> _ACTION ITEM_
Run through the records and show each line that includes the string "part".

** EXERCISE MATERIALS follows **

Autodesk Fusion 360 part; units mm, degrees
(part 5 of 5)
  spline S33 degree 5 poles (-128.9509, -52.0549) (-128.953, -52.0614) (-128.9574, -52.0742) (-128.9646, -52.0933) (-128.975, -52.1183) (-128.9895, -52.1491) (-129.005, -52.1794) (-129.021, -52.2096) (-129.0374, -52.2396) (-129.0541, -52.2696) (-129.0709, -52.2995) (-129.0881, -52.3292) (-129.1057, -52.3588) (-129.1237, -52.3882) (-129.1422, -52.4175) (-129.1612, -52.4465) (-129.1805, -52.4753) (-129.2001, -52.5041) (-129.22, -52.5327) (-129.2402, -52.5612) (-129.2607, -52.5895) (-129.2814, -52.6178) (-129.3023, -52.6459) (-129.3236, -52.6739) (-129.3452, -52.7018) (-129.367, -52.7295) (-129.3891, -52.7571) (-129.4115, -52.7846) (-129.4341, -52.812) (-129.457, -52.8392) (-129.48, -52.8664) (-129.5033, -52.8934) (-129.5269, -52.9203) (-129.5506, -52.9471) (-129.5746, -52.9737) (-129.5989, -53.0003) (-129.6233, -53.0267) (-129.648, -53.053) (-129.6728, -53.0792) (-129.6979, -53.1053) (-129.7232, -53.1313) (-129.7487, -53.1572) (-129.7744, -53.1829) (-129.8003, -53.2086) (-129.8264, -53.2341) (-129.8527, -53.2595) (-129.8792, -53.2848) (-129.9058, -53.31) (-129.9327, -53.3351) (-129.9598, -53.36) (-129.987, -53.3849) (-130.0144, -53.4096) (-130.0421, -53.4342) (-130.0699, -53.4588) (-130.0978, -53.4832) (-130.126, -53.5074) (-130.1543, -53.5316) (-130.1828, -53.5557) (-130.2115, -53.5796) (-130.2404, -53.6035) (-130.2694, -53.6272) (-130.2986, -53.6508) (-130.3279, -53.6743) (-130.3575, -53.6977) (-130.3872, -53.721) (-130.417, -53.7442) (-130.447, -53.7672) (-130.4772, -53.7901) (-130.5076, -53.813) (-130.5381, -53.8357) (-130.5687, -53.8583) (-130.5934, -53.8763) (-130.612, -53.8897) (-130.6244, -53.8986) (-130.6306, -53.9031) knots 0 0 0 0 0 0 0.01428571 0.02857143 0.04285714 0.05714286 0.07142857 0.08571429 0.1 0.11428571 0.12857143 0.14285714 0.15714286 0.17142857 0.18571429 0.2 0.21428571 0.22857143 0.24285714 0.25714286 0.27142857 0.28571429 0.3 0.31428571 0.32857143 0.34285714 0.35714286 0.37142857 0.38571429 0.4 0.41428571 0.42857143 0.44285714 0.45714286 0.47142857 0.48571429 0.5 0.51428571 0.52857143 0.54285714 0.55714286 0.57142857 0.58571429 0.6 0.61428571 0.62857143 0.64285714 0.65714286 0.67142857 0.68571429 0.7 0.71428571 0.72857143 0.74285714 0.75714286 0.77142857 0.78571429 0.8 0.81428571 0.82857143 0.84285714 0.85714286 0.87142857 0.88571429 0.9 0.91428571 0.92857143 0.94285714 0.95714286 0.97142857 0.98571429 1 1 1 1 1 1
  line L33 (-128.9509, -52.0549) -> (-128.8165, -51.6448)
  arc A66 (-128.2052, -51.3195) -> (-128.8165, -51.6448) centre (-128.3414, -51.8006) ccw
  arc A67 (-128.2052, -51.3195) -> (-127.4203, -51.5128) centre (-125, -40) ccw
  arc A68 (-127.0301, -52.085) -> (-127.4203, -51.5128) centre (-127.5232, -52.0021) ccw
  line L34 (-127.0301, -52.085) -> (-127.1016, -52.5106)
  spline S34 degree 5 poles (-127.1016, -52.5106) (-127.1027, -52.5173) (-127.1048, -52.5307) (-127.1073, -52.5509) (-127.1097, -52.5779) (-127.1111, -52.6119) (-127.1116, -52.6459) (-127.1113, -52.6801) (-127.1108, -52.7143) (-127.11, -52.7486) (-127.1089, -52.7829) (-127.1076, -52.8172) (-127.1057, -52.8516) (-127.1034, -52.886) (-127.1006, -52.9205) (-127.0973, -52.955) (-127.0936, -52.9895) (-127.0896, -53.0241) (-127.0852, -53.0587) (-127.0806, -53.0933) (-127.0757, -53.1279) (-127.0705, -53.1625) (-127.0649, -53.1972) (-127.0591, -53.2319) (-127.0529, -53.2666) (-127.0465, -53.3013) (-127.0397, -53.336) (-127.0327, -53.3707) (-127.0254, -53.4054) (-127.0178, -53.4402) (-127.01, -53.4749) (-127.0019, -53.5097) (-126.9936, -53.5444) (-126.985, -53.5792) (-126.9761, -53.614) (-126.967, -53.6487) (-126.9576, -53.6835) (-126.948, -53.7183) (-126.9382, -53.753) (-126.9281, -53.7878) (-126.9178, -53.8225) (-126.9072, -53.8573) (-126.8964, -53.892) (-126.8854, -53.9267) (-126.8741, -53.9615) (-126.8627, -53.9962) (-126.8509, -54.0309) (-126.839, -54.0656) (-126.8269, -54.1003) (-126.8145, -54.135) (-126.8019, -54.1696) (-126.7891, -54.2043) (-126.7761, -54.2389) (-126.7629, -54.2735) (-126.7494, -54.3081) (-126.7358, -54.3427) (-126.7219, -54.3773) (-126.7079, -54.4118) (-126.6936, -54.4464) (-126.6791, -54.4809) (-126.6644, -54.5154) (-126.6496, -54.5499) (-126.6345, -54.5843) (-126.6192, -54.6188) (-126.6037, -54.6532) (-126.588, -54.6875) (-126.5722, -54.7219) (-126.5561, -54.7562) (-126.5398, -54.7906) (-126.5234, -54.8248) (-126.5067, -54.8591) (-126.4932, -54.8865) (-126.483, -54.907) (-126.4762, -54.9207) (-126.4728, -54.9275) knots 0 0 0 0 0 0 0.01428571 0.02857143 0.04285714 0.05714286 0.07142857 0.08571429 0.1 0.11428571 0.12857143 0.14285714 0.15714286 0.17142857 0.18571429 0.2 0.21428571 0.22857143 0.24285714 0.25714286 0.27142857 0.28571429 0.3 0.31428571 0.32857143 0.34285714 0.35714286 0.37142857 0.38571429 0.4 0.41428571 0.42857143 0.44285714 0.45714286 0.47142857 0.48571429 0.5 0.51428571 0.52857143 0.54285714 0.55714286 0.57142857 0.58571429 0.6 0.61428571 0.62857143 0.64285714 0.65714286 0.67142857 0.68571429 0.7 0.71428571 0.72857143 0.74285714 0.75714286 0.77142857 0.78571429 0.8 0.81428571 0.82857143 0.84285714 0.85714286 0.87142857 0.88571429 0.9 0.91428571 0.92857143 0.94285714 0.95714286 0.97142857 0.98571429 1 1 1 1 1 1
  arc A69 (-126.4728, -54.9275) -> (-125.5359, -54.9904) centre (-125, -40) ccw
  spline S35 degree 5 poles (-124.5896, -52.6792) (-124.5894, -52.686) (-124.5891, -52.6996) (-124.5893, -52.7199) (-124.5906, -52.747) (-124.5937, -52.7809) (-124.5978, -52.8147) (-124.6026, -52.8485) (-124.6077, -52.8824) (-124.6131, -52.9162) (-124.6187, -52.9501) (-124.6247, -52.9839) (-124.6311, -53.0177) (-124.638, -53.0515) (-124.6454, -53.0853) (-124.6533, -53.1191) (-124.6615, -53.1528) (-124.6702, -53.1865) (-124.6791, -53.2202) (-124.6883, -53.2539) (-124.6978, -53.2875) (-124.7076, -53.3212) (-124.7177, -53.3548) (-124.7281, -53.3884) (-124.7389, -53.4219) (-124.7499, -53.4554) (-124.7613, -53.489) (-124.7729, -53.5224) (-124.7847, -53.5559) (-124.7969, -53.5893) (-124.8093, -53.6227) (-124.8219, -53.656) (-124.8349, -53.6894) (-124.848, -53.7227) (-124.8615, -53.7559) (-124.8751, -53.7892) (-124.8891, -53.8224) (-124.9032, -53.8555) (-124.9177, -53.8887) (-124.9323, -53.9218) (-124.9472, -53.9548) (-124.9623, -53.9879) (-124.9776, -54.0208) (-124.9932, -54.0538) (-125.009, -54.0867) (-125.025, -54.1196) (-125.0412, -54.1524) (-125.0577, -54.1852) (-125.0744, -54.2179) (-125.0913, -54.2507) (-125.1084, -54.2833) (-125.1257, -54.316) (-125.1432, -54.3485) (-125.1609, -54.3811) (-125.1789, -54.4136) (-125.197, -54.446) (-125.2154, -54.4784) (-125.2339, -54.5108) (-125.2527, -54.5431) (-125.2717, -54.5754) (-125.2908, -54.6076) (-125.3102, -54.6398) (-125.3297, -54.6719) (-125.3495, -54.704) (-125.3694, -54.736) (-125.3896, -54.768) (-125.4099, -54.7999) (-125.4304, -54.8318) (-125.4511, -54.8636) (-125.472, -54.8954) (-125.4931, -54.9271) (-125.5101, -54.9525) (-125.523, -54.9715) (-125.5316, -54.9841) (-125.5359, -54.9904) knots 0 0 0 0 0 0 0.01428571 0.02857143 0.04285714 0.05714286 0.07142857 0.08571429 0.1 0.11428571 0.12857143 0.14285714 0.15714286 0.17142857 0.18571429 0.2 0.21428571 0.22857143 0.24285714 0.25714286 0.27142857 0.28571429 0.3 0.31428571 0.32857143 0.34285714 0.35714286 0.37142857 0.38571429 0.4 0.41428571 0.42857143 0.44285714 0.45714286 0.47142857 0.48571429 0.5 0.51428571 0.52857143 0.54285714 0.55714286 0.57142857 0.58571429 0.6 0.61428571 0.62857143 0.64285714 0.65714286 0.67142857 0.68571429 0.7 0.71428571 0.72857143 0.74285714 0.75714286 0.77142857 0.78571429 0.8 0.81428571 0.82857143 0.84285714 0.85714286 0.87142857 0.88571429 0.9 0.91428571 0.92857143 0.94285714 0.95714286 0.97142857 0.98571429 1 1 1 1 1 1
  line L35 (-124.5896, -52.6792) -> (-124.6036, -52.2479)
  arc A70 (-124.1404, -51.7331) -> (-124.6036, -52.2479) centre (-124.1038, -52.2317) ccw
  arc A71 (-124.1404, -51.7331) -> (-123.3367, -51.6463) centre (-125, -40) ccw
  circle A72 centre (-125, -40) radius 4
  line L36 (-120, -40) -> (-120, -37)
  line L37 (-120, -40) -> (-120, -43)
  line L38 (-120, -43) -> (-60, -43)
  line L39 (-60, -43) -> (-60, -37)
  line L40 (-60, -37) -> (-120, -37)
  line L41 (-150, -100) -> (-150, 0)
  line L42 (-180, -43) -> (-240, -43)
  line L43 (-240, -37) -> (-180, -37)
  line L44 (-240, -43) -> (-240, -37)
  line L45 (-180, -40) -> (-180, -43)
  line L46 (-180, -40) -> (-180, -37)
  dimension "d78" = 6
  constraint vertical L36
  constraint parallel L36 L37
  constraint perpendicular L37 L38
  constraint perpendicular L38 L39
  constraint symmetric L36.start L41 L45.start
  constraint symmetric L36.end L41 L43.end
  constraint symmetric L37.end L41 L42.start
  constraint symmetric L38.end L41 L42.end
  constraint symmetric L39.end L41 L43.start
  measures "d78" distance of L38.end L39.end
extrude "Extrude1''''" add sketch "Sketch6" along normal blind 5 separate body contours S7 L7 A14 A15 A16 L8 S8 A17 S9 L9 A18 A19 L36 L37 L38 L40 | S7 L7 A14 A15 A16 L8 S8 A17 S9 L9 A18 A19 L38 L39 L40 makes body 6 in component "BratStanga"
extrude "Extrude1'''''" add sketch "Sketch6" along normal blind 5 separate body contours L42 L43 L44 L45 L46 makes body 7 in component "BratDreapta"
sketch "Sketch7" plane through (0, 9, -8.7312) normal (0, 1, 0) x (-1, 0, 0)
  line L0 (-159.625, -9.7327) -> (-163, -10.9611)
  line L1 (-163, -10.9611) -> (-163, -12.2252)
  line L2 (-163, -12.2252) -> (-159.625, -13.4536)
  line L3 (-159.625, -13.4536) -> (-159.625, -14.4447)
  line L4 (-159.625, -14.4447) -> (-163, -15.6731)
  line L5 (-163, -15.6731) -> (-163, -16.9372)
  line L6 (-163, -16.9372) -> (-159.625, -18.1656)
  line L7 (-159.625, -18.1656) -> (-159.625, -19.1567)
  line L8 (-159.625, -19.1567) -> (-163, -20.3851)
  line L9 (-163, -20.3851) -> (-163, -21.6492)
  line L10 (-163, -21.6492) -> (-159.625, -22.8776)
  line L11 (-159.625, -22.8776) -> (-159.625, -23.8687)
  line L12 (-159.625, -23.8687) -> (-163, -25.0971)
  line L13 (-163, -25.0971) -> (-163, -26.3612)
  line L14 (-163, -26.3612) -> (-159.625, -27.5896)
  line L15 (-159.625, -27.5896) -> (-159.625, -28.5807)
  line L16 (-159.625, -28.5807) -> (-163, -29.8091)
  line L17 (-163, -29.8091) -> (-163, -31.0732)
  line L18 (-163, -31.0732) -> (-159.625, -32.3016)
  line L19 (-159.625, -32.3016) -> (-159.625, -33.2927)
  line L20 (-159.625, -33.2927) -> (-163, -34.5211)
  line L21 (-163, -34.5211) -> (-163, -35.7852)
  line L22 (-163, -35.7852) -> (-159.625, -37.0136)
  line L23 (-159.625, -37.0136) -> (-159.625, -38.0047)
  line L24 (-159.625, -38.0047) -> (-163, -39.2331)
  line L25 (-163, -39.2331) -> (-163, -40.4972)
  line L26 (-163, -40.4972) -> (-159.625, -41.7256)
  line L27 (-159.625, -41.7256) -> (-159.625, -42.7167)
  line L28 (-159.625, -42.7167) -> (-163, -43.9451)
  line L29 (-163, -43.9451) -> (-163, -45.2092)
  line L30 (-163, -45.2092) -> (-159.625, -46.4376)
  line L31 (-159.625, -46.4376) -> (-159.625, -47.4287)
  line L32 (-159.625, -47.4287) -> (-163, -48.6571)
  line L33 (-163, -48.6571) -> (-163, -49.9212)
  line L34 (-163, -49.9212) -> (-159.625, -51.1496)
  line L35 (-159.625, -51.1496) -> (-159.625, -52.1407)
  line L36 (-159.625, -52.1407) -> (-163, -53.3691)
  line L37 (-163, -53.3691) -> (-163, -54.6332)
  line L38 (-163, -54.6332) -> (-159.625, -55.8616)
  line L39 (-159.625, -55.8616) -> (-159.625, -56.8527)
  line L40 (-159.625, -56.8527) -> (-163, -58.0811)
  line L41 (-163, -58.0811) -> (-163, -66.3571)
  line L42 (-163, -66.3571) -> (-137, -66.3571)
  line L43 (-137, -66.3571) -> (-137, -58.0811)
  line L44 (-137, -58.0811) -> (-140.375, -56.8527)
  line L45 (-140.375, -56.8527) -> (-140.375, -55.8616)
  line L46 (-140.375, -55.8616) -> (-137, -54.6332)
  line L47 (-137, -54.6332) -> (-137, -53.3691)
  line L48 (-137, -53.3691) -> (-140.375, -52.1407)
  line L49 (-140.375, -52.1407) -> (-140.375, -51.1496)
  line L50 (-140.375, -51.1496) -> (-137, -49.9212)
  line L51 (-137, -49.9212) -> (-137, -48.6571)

** End of EXERCISE MATERIALS **

> _ANSWER SPACE_
Autodesk Fusion 360 part; units mm, degrees
(part 5 of 5)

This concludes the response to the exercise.